By the way, I recently came across Omniglot, a site about the writing systems of almost all known human languages, existing or extinct, naturally-evolved or artificially-created. I found it extremely fascinating and insightful. For example, I did not know that Devanagari was not considered to be an "alphabet" but an "abiguda". Check out the International Phonetic Alphabet (IPA) that can represent almost all spoken languages. How about Loglan (and its freer derivative, Lojban) that claims to be a "logical" language? (I first came across the IPA on Wikipedia, where it is used to provide the pronunciation for some terms. xkcd is where I first read about Lojban.)

2007-05-23

ICFP Contest 2007

The 10th ICFP Contest is scheduled for the weekend of 20th July 2007. I hope it turns out to be as fun as the one held last year.

There is already a blog written by one of the organisers that contains some teaser puzzles. (Do these images use some form of steganography or can we simply work out the graphical transformations applied to the original image and apply them in reverse to obtain the desired image? I wonder.)

"Superstition Reigns"

"Superstition Reigns" by Rahul Singh, published in The Times of India today:
"Amitabh Bachchan, an icon for tens of millions of Indians, makes his daughter-in-law [Aishwarya Rai] perform outlandish ceremonies because she is supposedly under the evil influence of Mars. Politicians routinely consult astrologers before taking important decisions, despite abundant proof that astrology is no science at all, just quackery. Horoscopes continue to be cast in most families and palmists consulted. A newly-inducted cabinet minister insists that her bungalow be completely redesigned because it does not follow vaastu principles, a system nobody had heard of till only a few years ago."

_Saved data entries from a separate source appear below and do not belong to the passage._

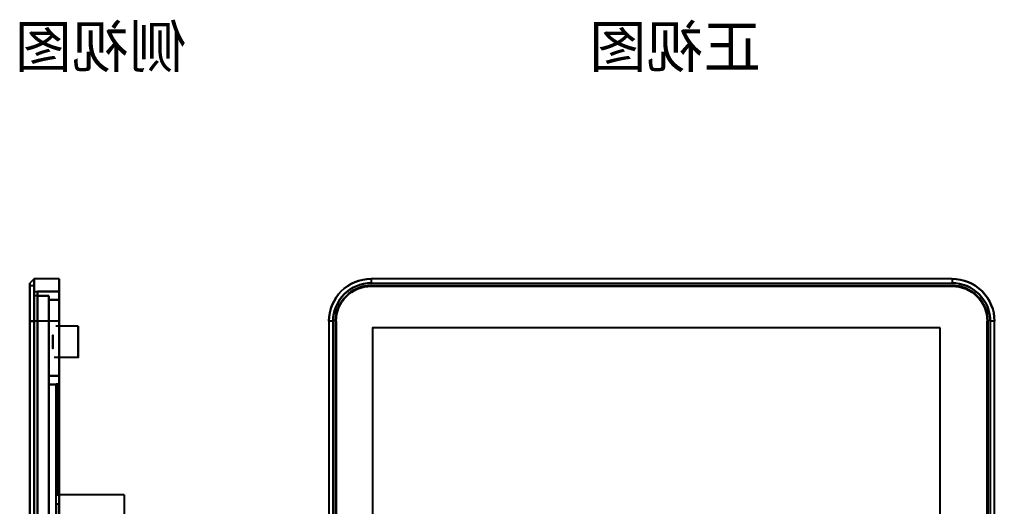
# Model space of a CAD drawing. Header units: millimetres. Extents: x 2932 to 3377, y 2153 to 2458.
# Drawn here: x 3144.2 to 3376.7, y 2341.9 to 2458 of the extents above; entities that cross this region are included whole.
import ezdxf

# ---------------------------------------------------------------- set-up
doc = ezdxf.new("R2010")
doc.units = ezdxf.units.MM
doc.layers.add('Layer 230', color=7, linetype='Continuous')
doc.styles.get("Standard").update_dxf_attribs({"font": 'romans.shx'})

msp = doc.modelspace()

# ---------------------------------------------------------------- linework, layer by layer
at = {"extrusion": (0, 0, -1)}
for p, q in [((3228.072353521256, 2394.406044583955, 3.200000000000001), (3366.585475093748, 2394.406044583955, 4.2)), ((3219.722353521256, 2386.056044583956, 3.200000000000001), (3219.722353521256, 2163.456044583955, 3.200000000000001)), ((3374.922353521257, 2163.455848328961, 3.200000000000001), (3374.922353521255, 2386.056240838589, 3.200000000000001)), ((3158.169390330876, 2384.906044583951, -4.899613419397298), (3152.887182583155, 2384.906044583951, -4.899613419397298)), ((3158.169390330876, 2381.156044583951, -4.899613419397298), (3158.169390330876, 2384.906044583951, -4.899613419397298)), ((3158.169390330876, 2381.156044583951, -4.899613419397298), (3158.169390330876, 2377.406044583951, -4.899613419397298)), ((3158.169390330876, 2377.406044583951, -4.899613419397298), (3152.442554006719, 2377.406044583951, -4.899613419397298)), ((3169.179390330875, 2344.666886541382), (3153.60499229405, 2344.666886541382)), ((3169.179390330875, 2344.666886541382), (3169.179390330876, 2206.320758087884))]:
    msp.add_line(p, q, dxfattribs=at)
msp.add_lwpolyline([(-3363.742353521256, 2384.486044583956), (-3228.382353521255, 2384.486044583956), (-3228.382353521255, 2167.906044583956), (-3363.742353521256, 2167.906044583956)], close=True, dxfattribs=at)
for centre, radius, start, end in [((-3228.072353521256, 2386.056044583956, -3.200000000000001), 8.349999999999909, 0, 90), ((-3366.579012434819, 2386.062703497518, -4.2), 8.34334358938863, 90.04438066275972, 180.0443806627597)]:
    msp.add_arc(centre, radius, start, end, dxfattribs=at)
at = {"layer": 'Layer 230', "color": 7, "extrusion": (-0.7071067811865461, 0.7071067811865489, 0)}
for p, q in [((3147.669390330876, 2396.156044583955), (3146.66939034483, 2395.156044728341, 0.0006980166723451475)), ((3147.669390330876, 2396.156044583955, -138.4996134193955), (3146.669390330876, 2395.156044583955, -138.4996134193955)), ((3146.669390330876, 2395.156044583955, -138.4996134193955), (3146.66939034483, 2395.156044728341, 0.0006980166723451475)), ((3147.669390330876, 2396.156044583955), (3147.669390330876, 2396.156044583955, -138.4996134193955))]:
    msp.add_line(p, q, dxfattribs=at)
at = {"layer": 'Layer 230', "color": 7}
for p, q in [((3147.669390330876, 2396.156044583955, -138.4996134193955), (3146.669390330876, 2395.156044583955, -138.4996134193955)), ((3147.669390330876, 2396.156044583955), (3146.66939034483, 2395.156044728341, 0.0006980166723451475)), ((3146.669390330876, 2394.556044583955, -138.4996134193955), (3147.669390330876, 2394.556044583955, -138.4996134193955)), ((3146.669390330876, 2394.556044583955, 0.0005824931735958216), (3147.669390330876, 2394.556044583955, 0.0005824931735958216)), ((3153.669390330876, 2396.156044583955, -138.4996134193955), (3147.669390330876, 2396.156044583955, -138.4996134193955)), ((3153.669390330876, 2396.156044583955), (3147.669390330876, 2396.156044583955)), ((3228.072353521256, 2396.156044583955, 3.200000000000001), (3228.072353521256, 2395.156044583955, 4.2)), ((3228.072353521256, 2396.156044583955, -2.8), (3228.072353521256, 2396.156044583955, 3.200000000000001)), ((3228.072353521256, 2395.156044583955, 4.2), (3366.572664957323, 2395.156044728342, 4.199999986045063)), ((3228.072353521256, 2394.556044583956, 4.2), (3366.572549433824, 2394.556044583956, 4.2)), ((3228.072353521256, 2394.556044583956, 3.200000000000001), (3366.572549433824, 2394.556044583956, 3.200000000000001)), ((3228.072353521256, 2394.556044583956, 4.2), (3228.072353521256, 2394.556044583956, 3.200000000000001)), ((3366.571966940651, 2396.156044583955, 3.200000000000001), (3366.572664957323, 2395.156044728342, 4.199999986045063)), ((3366.571966940651, 2396.156044583955, -2.8), (3366.571966940651, 2396.156044583955, 3.200000000000001)), ((3366.572549433824, 2394.556044583956, 4.2), (3366.572549433824, 2394.556044583956, 3.200000000000001)), ((3147.669390330876, 2393.176044583955, -142.4496134193955), (3148.469390330875, 2393.176044583955, -142.4496134193955)), ((3147.669390330876, 2393.176044583955, 3.950386580604601), (3148.469390330875, 2393.176044583955, 3.950386580604601)), ((3147.669390330876, 2392.176044583955, -143.4496134193955), (3148.469390330875, 2392.176044583955, -143.4496134193955)), ((3147.669390330876, 2276.756044583955, -143.4496134193955), (3147.669390330876, 2392.176044583955, -143.4496134193955)), ((3147.669390330876, 2392.176044583955, -143.4496134193955), (3148.469390330875, 2392.176044583955, -143.4496134193955)), ((3147.669390330876, 2392.176044583955, 4.950386580604601), (3148.469390330875, 2392.176044583955, 4.950386580604601)), ((3148.469390330875, 2393.176044583955, -93.2496134193955), (3153.669390330876, 2393.176044583955, -93.2496134193955)), ((3153.669390330876, 2393.176044583955, -45.2496134193955), (3148.469390330875, 2393.176044583955, -45.2496134193955)), ((3148.469390330875, 2277.706044583955, -143.4496134193955), (3148.469390330875, 2392.176044583955, -143.4496134193955)), ((3148.469390330875, 2277.706044583955, -140.8996134193955), (3148.469390330875, 2392.076044583955, -140.8996134193955)), ((3151.169390330876, 2392.076044583955, -140.8996134193955), (3148.469390330875, 2392.076044583955, -140.8996134193955)), ((3151.169390330876, 2392.076044583955, -95.03567052934471), (3148.469390330875, 2392.076044583955, -95.03567052934471)), ((3148.469390330875, 2392.076044583955, -43.4635563094463), (3151.169390330876, 2392.076044583955, -43.4635563094463)), ((3151.169390330876, 2392.076044583955, -140.8996134193955), (3151.169390330876, 2277.706044583955, -140.8996134193955)), ((3151.169390330876, 2373.003001663034, -95.2496134193955), (3151.169390330876, 2391.176044583955, -95.2496134193955)), ((3153.669390330876, 2391.176044583955, -95.2496134193955), (3151.169390330876, 2391.176044583955, -95.2496134193955)), ((3153.669390330876, 2391.176044583955, -95.2496134193955), (3151.169390330876, 2391.176044583955, -95.2496134193955)), ((3151.169390330876, 2391.176044583955, -43.2496134193955), (3153.669390330876, 2391.176044583955, -43.2496134193955)), ((3153.669390330876, 2391.176044583955, -95.2496134193955), (3153.669390330876, 2373.003001663034, -95.2496134193955)), ((3146.669390330876, 2386.056240838588, 8.500386580604498), (3147.669390330876, 2386.056240838588, 8.500386580604498)), ((3146.669390330876, 2386.056044583955, -146.9996134193955), (3147.669390330876, 2386.056044583955, -146.9996134193955)), ((3146.669390330876, 2163.456044583955, -146.9996134193955), (3146.669390330876, 2386.056044583955, -146.9996134193955)), ((3146.669390330876, 2386.056044583955, -147.5996134193955), (3147.669390330876, 2386.056044583955, -148.5996134193955)), ((3146.669390330876, 2386.056044583955, -146.9996134193955), (3147.669390330876, 2386.056044583955, -146.9996134193955)), ((3147.669390330876, 2386.05565837621, 10.10038658060449), (3146.669390346363, 2386.055658376427, 9.10038647047675)), ((3147.669390330876, 2163.456044583955, -146.9996134193955), (3147.669390330876, 2386.056044583955, -146.9996134193955)), ((3153.669390330876, 2386.056044583955, -148.5996134193955), (3147.669390330876, 2386.056044583955, -148.5996134193955)), ((3147.669390330876, 2163.456430791658, 10.10038658060449), (3147.669390330876, 2386.05565837621, 10.10038658060449)), ((3153.669390330876, 2386.05565837621, 10.10038658060449), (3147.669390330876, 2386.05565837621, 10.10038658060449)), ((3153.669390330876, 2386.05565837621, 10.10038658060449), (3147.669390330876, 2386.05565837621, 10.10038658060449)), ((3153.669390330876, 2163.456430791658, 10.10038658060449), (3153.669390330876, 2386.05565837621, 10.10038658060449)), ((3218.972353521256, 2386.056044583956, 4.2), (3217.972353521256, 2386.056044583956, 3.200000000000001)), ((3217.972353521256, 2386.056044583956, -2.8), (3217.972353521256, 2386.056044583956, 3.200000000000001)), ((3218.972353521256, 2163.456044583955, 4.2), (3218.972353521256, 2386.056044583956, 4.2)), ((3219.572353521256, 2163.456044583955, 4.2), (3219.572353521256, 2386.056044583956, 4.2)), ((3219.572353521256, 2163.456044583955, 3.200000000000001), (3219.572353521256, 2386.056044583956, 3.200000000000001)), ((3219.572353521256, 2386.056044583956, 4.2), (3219.572353521256, 2386.056044583956, 3.200000000000001)), ((3375.072353521256, 2386.056240838589, 4.2), (3375.072353521256, 2163.455848329305, 4.2)), ((3375.072353521256, 2386.056240838589, 3.200000000000001), (3375.072353521256, 2163.455848329305, 3.200000000000001)), ((3375.072353521256, 2386.056240838589, 4.2), (3375.072353521256, 2386.056240838589, 3.200000000000001)), ((3375.672353411128, 2386.055658376428, 4.199999984512098), (3375.672353665627, 2163.455732811905, 4.199999986046572)), ((3376.672353521255, 2386.05565837621, 3.200000000000001), (3375.672353411128, 2386.055658376428, 4.199999984512098)), ((3376.672353521255, 2386.05565837621, -2.8), (3376.672353521255, 2386.05565837621, 3.200000000000001)), ((3151.169390330876, 2373.003001663034, -95.2496134193955), (3153.669390330876, 2373.003001663034, -95.2496134193955)), ((3153.669390330876, 2373.003001663034, -43.2496134193955), (3151.169390330876, 2373.003001663034, -43.2496134193955)), ((3151.169390330876, 2373.003001663034, -95.2496134193955), (3153.669390330876, 2373.003001663034, -95.2496134193955)), ((3151.169390330876, 2371.003001663034, -45.2496134193955), (3153.669390330876, 2371.003001663034, -45.2496134193955)), ((3152.969390330875, 2371.003001663034, -93.2496134193955), (3151.169390330876, 2371.003001663034, -93.2496134193955)), ((3153.669390330876, 2371.064122544964, -93.7402739593955), (3152.969390330875, 2371.064122544964, -93.7402739593955)), ((3152.969390330875, 2371.064122544964, -93.7402739593955), (3152.969390330875, 2344.666886541382, -93.7402739593955)), ((3153.669390330876, 2371.064122544964, -93.7402739593955), (3152.969390330875, 2371.064122544964, -93.7402739593955)), ((3153.469390330875, 2371.003001663034, -76.34027095939553), (3153.669390330876, 2371.003001663034, -76.34027095939553)), ((3153.469390330875, 2344.684346926128, -76.34027095939553), (3153.469390330875, 2371.003001663034, -76.34027095939553)), ((3153.669390330876, 2371.064122544964, -93.7402739593955), (3153.669390330876, 2344.691331080026, -93.7402739593955)), ((3153.669390330876, 2344.691331080026, -76.34027095939553), (3153.669390330876, 2371.003001663034, -76.34027095939553)), ((3152.969390330875, 2344.666886541382, -109.149857237115), (3153.669390330876, 2344.691331080026, -109.149857237115)), ((3153.669390330876, 2344.691331080026, -93.7402739593955), (3152.969390330875, 2344.666886541382, -93.7402739593955)), ((3152.969390330875, 2342.480732940319, -109.149857237115), (3152.969390330875, 2344.666886541382, -109.149857237115)), ((3153.469390330875, 2344.684346926128, -76.34027095939553), (3153.669390330876, 2344.691331080026, -76.34027095939553)), ((3153.669390330876, 2344.691331080026, -109.149857237115), (3153.669390330876, 2342.456288401675, -109.149857237115)), ((3152.969390330875, 2342.480732940319, -109.149857237115), (3153.669390330876, 2342.456288401675, -109.149857237115)), ((3153.669390330876, 2342.456288401675, -93.7402739593955), (3152.969390330875, 2342.480732940319, -93.7402739593955)), ((3152.969390330875, 2342.480732940319, -93.7402739593955), (3152.969390330875, 2339.606070554139, -93.7402739593955)), ((3153.669390330876, 2342.456288401675, -93.7402739593955), (3153.669390330876, 2339.606070554139, -93.7402739593955))]:
    msp.add_line(p, q, dxfattribs=at)
at = {"layer": 'Layer 230', "color": 7, "extrusion": (-1, -1.83697019872103e-16, 0)}
for p, q in [((3146.669390330876, 2395.156044583955, -138.4996134193955), (3146.66939034483, 2395.156044728341, 0.0006980166723451475)), ((3146.669390330876, 2394.556044583955, -138.4996134193955), (3146.669390330876, 2394.556044583955, 0.0005824931735958216)), ((3147.669390330876, 2394.556044583955, -138.4996134193955), (3147.669390330876, 2394.556044583955, 0.0005824931735958216)), ((3147.669390330876, 2393.176044583955, -142.4496134193955), (3147.669390330876, 2393.176044583955, 3.950386580604601)), ((3147.669390330876, 2276.756044583955, -143.4496134193955), (3147.669390330876, 2392.176044583955, -143.4496134193955)), ((3147.669390330876, 2392.176044583955, 4.950386580604601), (3147.669390330876, 2162.076044583955, 4.950386580604501)), ((3148.469390330875, 2393.176044583955, -142.4496134193955), (3148.469390330875, 2393.176044583955, -93.2496134193955)), ((3148.469390330875, 2393.176044583955, -45.2496134193955), (3148.469390330875, 2393.176044583955, 3.950386580604601)), ((3148.469390330875, 2277.706044583955, -143.4496134193955), (3148.469390330875, 2392.176044583955, -143.4496134193955)), ((3148.469390330875, 2392.176044583955, 4.950386580604601), (3148.469390330875, 2162.076044583955, 4.950386580604501)), ((3148.469390330875, 2277.706044583955, -140.8996134193955), (3148.469390330875, 2392.076044583955, -140.8996134193955)), ((3148.469390330875, 2392.076044583955, -95.03567052934471), (3148.469390330875, 2392.076044583955, -140.8996134193955)), ((3148.469390330875, 2392.076044583955, 2.400386580604504), (3148.469390330875, 2392.076044583955, -43.4635563094463)), ((3148.469390330875, 2163.076044583955, 2.400386580604504), (3148.469390330875, 2392.076044583955, 2.400386580604504)), ((3151.169390330876, 2163.076044583955, 2.400386580604504), (3151.169390330876, 2392.076044583955, 2.400386580604604)), ((3151.169390330876, 2392.076044583955, 2.400386580604604), (3151.169390330876, 2392.076044583955, -43.4635563094463)), ((3151.169390330876, 2392.076044583955, -95.03567052934471), (3151.169390330876, 2392.076044583955, -140.8996134193955)), ((3151.169390330876, 2392.076044583955, -140.8996134193955), (3151.169390330876, 2277.706044583955, -140.8996134193955)), ((3151.169390330876, 2391.176044583955, -43.2496134193955), (3151.169390330876, 2373.003001663034, -43.2496134193955)), ((3151.169390330876, 2373.003001663034, -95.2496134193955), (3151.169390330876, 2391.176044583955, -95.2496134193955)), ((3146.669390330876, 2386.056240838588, 8.500386580604498), (3146.669390330876, 2163.455848329305, 8.500386580604498)), ((3146.669390330876, 2163.456044583955, -147.5996134193955), (3146.669390330876, 2386.056044583955, -147.5996134193955)), ((3146.669390330876, 2163.456044583955, -146.9996134193955), (3146.669390330876, 2386.056044583955, -146.9996134193955)), ((3146.669390346363, 2386.055658376427, 9.10038647047675), (3146.669390344829, 2163.455732811905, 9.100386724975564)), ((3147.669390330876, 2386.056240838588, 8.500386580604498), (3147.669390330876, 2163.455848329305, 8.500386580604498)), ((3147.669390330876, 2163.456044583955, -146.9996134193955), (3147.669390330876, 2386.056044583955, -146.9996134193955)), ((3151.169390330876, 2371.003001663034, -45.2496134193955), (3151.169390330876, 2371.003001663034, -93.2496134193955))]:
    msp.add_line(p, q, dxfattribs=at)
at = {"layer": 'Layer 230', "color": 7, "extrusion": (1.83697019872103e-16, -1, 0)}
for p, q in [((3146.669390330876, 2394.556044583955, 0.0005824931735958216), (3147.669390330876, 2394.556044583955, 0.0005824931735958216)), ((3146.669390330876, 2394.556044583955, -138.4996134193955), (3146.669390330876, 2394.556044583955, 0.0005824931735958216)), ((3146.669390330876, 2394.556044583955, -138.4996134193955), (3147.669390330876, 2394.556044583955, -138.4996134193955)), ((3147.669390330876, 2394.556044583955, -138.4996134193955), (3147.669390330876, 2394.556044583955, 0.0005824931735958216)), ((3147.669390330876, 2393.176044583955, 3.950386580604601), (3148.469390330875, 2393.176044583955, 3.950386580604601)), ((3147.669390330876, 2393.176044583955, -142.4496134193955), (3147.669390330876, 2393.176044583955, 3.950386580604601)), ((3147.669390330876, 2393.176044583955, -142.4496134193955), (3148.469390330875, 2393.176044583955, -142.4496134193955)), ((3148.469390330875, 2393.176044583955, -142.4496134193955), (3148.469390330875, 2393.176044583955, -93.2496134193955)), ((3148.469390330875, 2393.176044583955, -93.2496134193955), (3153.669390330876, 2393.176044583955, -93.2496134193955)), ((3153.669390330876, 2393.176044583955, -45.2496134193955), (3148.469390330875, 2393.176044583955, -45.2496134193955)), ((3148.469390330875, 2393.176044583955, -45.2496134193955), (3148.469390330875, 2393.176044583955, 3.950386580604601)), ((3153.669390330876, 2393.176044583955, -45.2496134193955), (3153.669390330876, 2393.176044583955, -93.2496134193955)), ((3148.469390330875, 2392.076044583955, -95.03567052934471), (3148.469390330875, 2392.076044583955, -140.8996134193955)), ((3151.169390330876, 2392.076044583955, -140.8996134193955), (3148.469390330875, 2392.076044583955, -140.8996134193955)), ((3151.169390330876, 2392.076044583955, -95.03567052934471), (3148.469390330875, 2392.076044583955, -95.03567052934471)), ((3148.469390330875, 2392.076044583955, 2.400386580604504), (3148.469390330875, 2392.076044583955, -43.4635563094463)), ((3148.469390330875, 2392.076044583955, -43.4635563094463), (3151.169390330876, 2392.076044583955, -43.4635563094463)), ((3148.469390330875, 2392.076044583955, 2.400386580604504), (3151.169390330876, 2392.076044583955, 2.400386580604604)), ((3151.169390330876, 2392.076044583955, -95.03567052934471), (3151.169390330876, 2392.076044583955, -140.8996134193955)), ((3151.169390330876, 2392.076044583955, 2.400386580604604), (3151.169390330876, 2392.076044583955, -43.4635563094463))]:
    msp.add_line(p, q, dxfattribs=at)
at = {"layer": 'Layer 230', "color": 7, "extrusion": (-1.83697019872103e-16, 1, 0)}
for p, q in [((3147.669390330876, 2396.156044583955), (3147.669390330876, 2396.156044583955, -138.4996134193955)), ((3153.669390330876, 2396.156044583955), (3147.669390330876, 2396.156044583955)), ((3153.669390330876, 2396.156044583955, -138.4996134193955), (3147.669390330876, 2396.156044583955, -138.4996134193955)), ((3153.669390330876, 2396.156044583955), (3153.669390330876, 2396.156044583955, -138.4996134193955)), ((3151.169390330876, 2371.003001663034, -45.2496134193955), (3151.169390330876, 2371.003001663034, -93.2496134193955)), ((3151.169390330876, 2371.003001663034, -45.2496134193955), (3153.669390330876, 2371.003001663034, -45.2496134193955)), ((3152.969390330875, 2371.003001663034, -93.2496134193955), (3151.169390330876, 2371.003001663034, -93.2496134193955)), ((3153.669390330876, 2371.003001663034, -81.7402709593955), (3152.969390330875, 2371.003001663034, -81.7402709593955)), ((3152.969390330875, 2371.003001663034, -93.2496134193955), (3152.969390330875, 2371.003001663034, -81.7402709593955)), ((3153.669390330876, 2371.003001663034, -70.24027095939553), (3153.469390330875, 2371.003001663034, -70.24027095939553)), ((3153.469390330875, 2371.003001663034, -76.34027095939553), (3153.469390330875, 2371.003001663034, -70.24027095939553)), ((3153.469390330875, 2371.003001663034, -76.34027095939553), (3153.669390330876, 2371.003001663034, -76.34027095939553)), ((3153.669390330876, 2371.003001663034, -70.24027095939553), (3153.669390330876, 2371.003001663034, -45.2496134193955)), ((3153.669390330876, 2371.003001663034, -81.7402709593955), (3153.669390330876, 2371.003001663034, -76.34027095939553))]:
    msp.add_line(p, q, dxfattribs=at)
at = {"layer": 'Layer 230', "color": 7, "extrusion": (1, 1.83697019872103e-16, 0)}
for p, q in [((3153.669390330876, 2396.156044583955), (3153.669390330876, 2396.156044583955, -138.4996134193955)), ((3153.669390330876, 2393.176044583955, -45.2496134193955), (3153.669390330876, 2393.176044583955, -93.2496134193955)), ((3153.669390330876, 2373.003001663034, -43.2496134193955), (3153.669390330876, 2391.176044583955, -43.2496134193955)), ((3153.669390330876, 2391.176044583955, -95.2496134193955), (3153.669390330876, 2373.003001663034, -95.2496134193955)), ((3153.669390330876, 2386.056044583955, -148.5996134193955), (3153.669390330876, 2163.456044583955, -148.5996134193955)), ((3153.669390330876, 2163.456430791658, 10.10038658060449), (3153.669390330876, 2386.05565837621, 10.10038658060449)), ((3152.969390330875, 2371.064122544964, -93.7402739593955), (3152.969390330875, 2344.666886541382, -93.7402739593955)), ((3152.969390330875, 2371.003001663034, -93.2496134193955), (3152.969390330875, 2371.003001663034, -81.7402709593955)), ((3152.969390330875, 2344.666886541382, -81.7402709593955), (3152.969390330875, 2371.003001663034, -81.7402709593955)), ((3153.469390330875, 2344.684346926128, -76.34027095939553), (3153.469390330875, 2371.003001663034, -76.34027095939553)), ((3153.469390330875, 2371.003001663034, -76.34027095939553), (3153.469390330875, 2371.003001663034, -70.24027095939553)), ((3153.469390330875, 2344.684346926128, -70.24027095939553), (3153.469390330875, 2371.003001663034, -70.24027095939553)), ((3153.669390330876, 2371.064122544964, -93.7402739593955), (3153.669390330876, 2344.691331080026, -93.7402739593955)), ((3153.669390330876, 2344.691331080026, -76.34027095939553), (3153.669390330876, 2371.003001663034, -76.34027095939553)), ((3153.669390330876, 2344.691331080026, -81.7402709593955), (3153.669390330876, 2371.003001663034, -81.7402709593955)), ((3153.669390330876, 2371.003001663034, -81.7402709593955), (3153.669390330876, 2371.003001663034, -76.34027095939553)), ((3153.669390330876, 2344.691331080026, -70.24027095939553), (3153.669390330876, 2371.003001663034, -70.24027095939553)), ((3153.669390330876, 2371.003001663034, -70.24027095939553), (3153.669390330876, 2371.003001663034, -45.2496134193955)), ((3152.969390330875, 2344.666886541382, -93.7402739593955), (3152.969390330875, 2344.666886541382, -109.149857237115)), ((3152.969390330875, 2344.666886541382, -29.349369601676), (3152.969390330875, 2344.666886541382, -81.7402709593955)), ((3152.969390330875, 2342.480732940319, -29.349369601676), (3152.969390330875, 2344.666886541382, -29.349369601676)), ((3152.969390330875, 2342.480732940319, -109.149857237115), (3152.969390330875, 2344.666886541382, -109.149857237115)), ((3153.469390330875, 2344.684346926128, -76.34027095939553), (3153.469390330875, 2344.684346926128, -70.24027095939553)), ((3153.669390330876, 2344.691331080026, -76.34027095939553), (3153.669390330876, 2344.691331080026, -81.7402709593955)), ((3153.669390330876, 2344.691331080026, -29.349369601676), (3153.669390330876, 2344.691331080026, -70.24027095939553)), ((3153.669390330876, 2344.691331080026, -93.7402739593955), (3153.669390330876, 2344.691331080026, -109.149857237115)), ((3153.669390330876, 2344.691331080026, -109.149857237115), (3153.669390330876, 2342.456288401675, -109.149857237115)), ((3153.669390330876, 2344.691331080026, -29.349369601676), (3153.669390330876, 2342.456288401675, -29.349369601676)), ((3152.969390330875, 2342.480732940319, -29.349369601676), (3152.969390330875, 2342.480732940319, -81.7402709593955)), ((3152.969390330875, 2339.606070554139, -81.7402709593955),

Superstition in all its ugly forms is sickeningly pervasive in India, even among educated people who ought to know better. We waste a lot of time and money and unnecessarily make life difficult for ourselves as well as others, all in the name of something that doesn't withstand rational scrutiny.

2007-05-19

Firefox 3 and Linux

Mike Connor blogs about the proposed requirements for Firefox 3 to run on Linux. A nasty surprise for me was the inclusion of GNOME as a dependency. While the GTK/Pango/Cairo/etc. requirements are quite understandable, I don't understand why it should need GNOME. Many of us are happy with KDE or Xfce and would like to avoid the bloat and the dependency hell of GNOME for the sake of running a browser.

As an aside, Firefox on Linux also seems to behave quite differently from Firefox on Windows. For example, on Linux Firefox seems to consistently consume more CPU time and memory than on Windows. Some pages are rendered differently on Windows and Linux (perhaps due to the availability, or otherwise, of the fonts requested by the page designer and the rendering infrastructure). I have personally also noticed bug-337093 on Windows but not on Linux.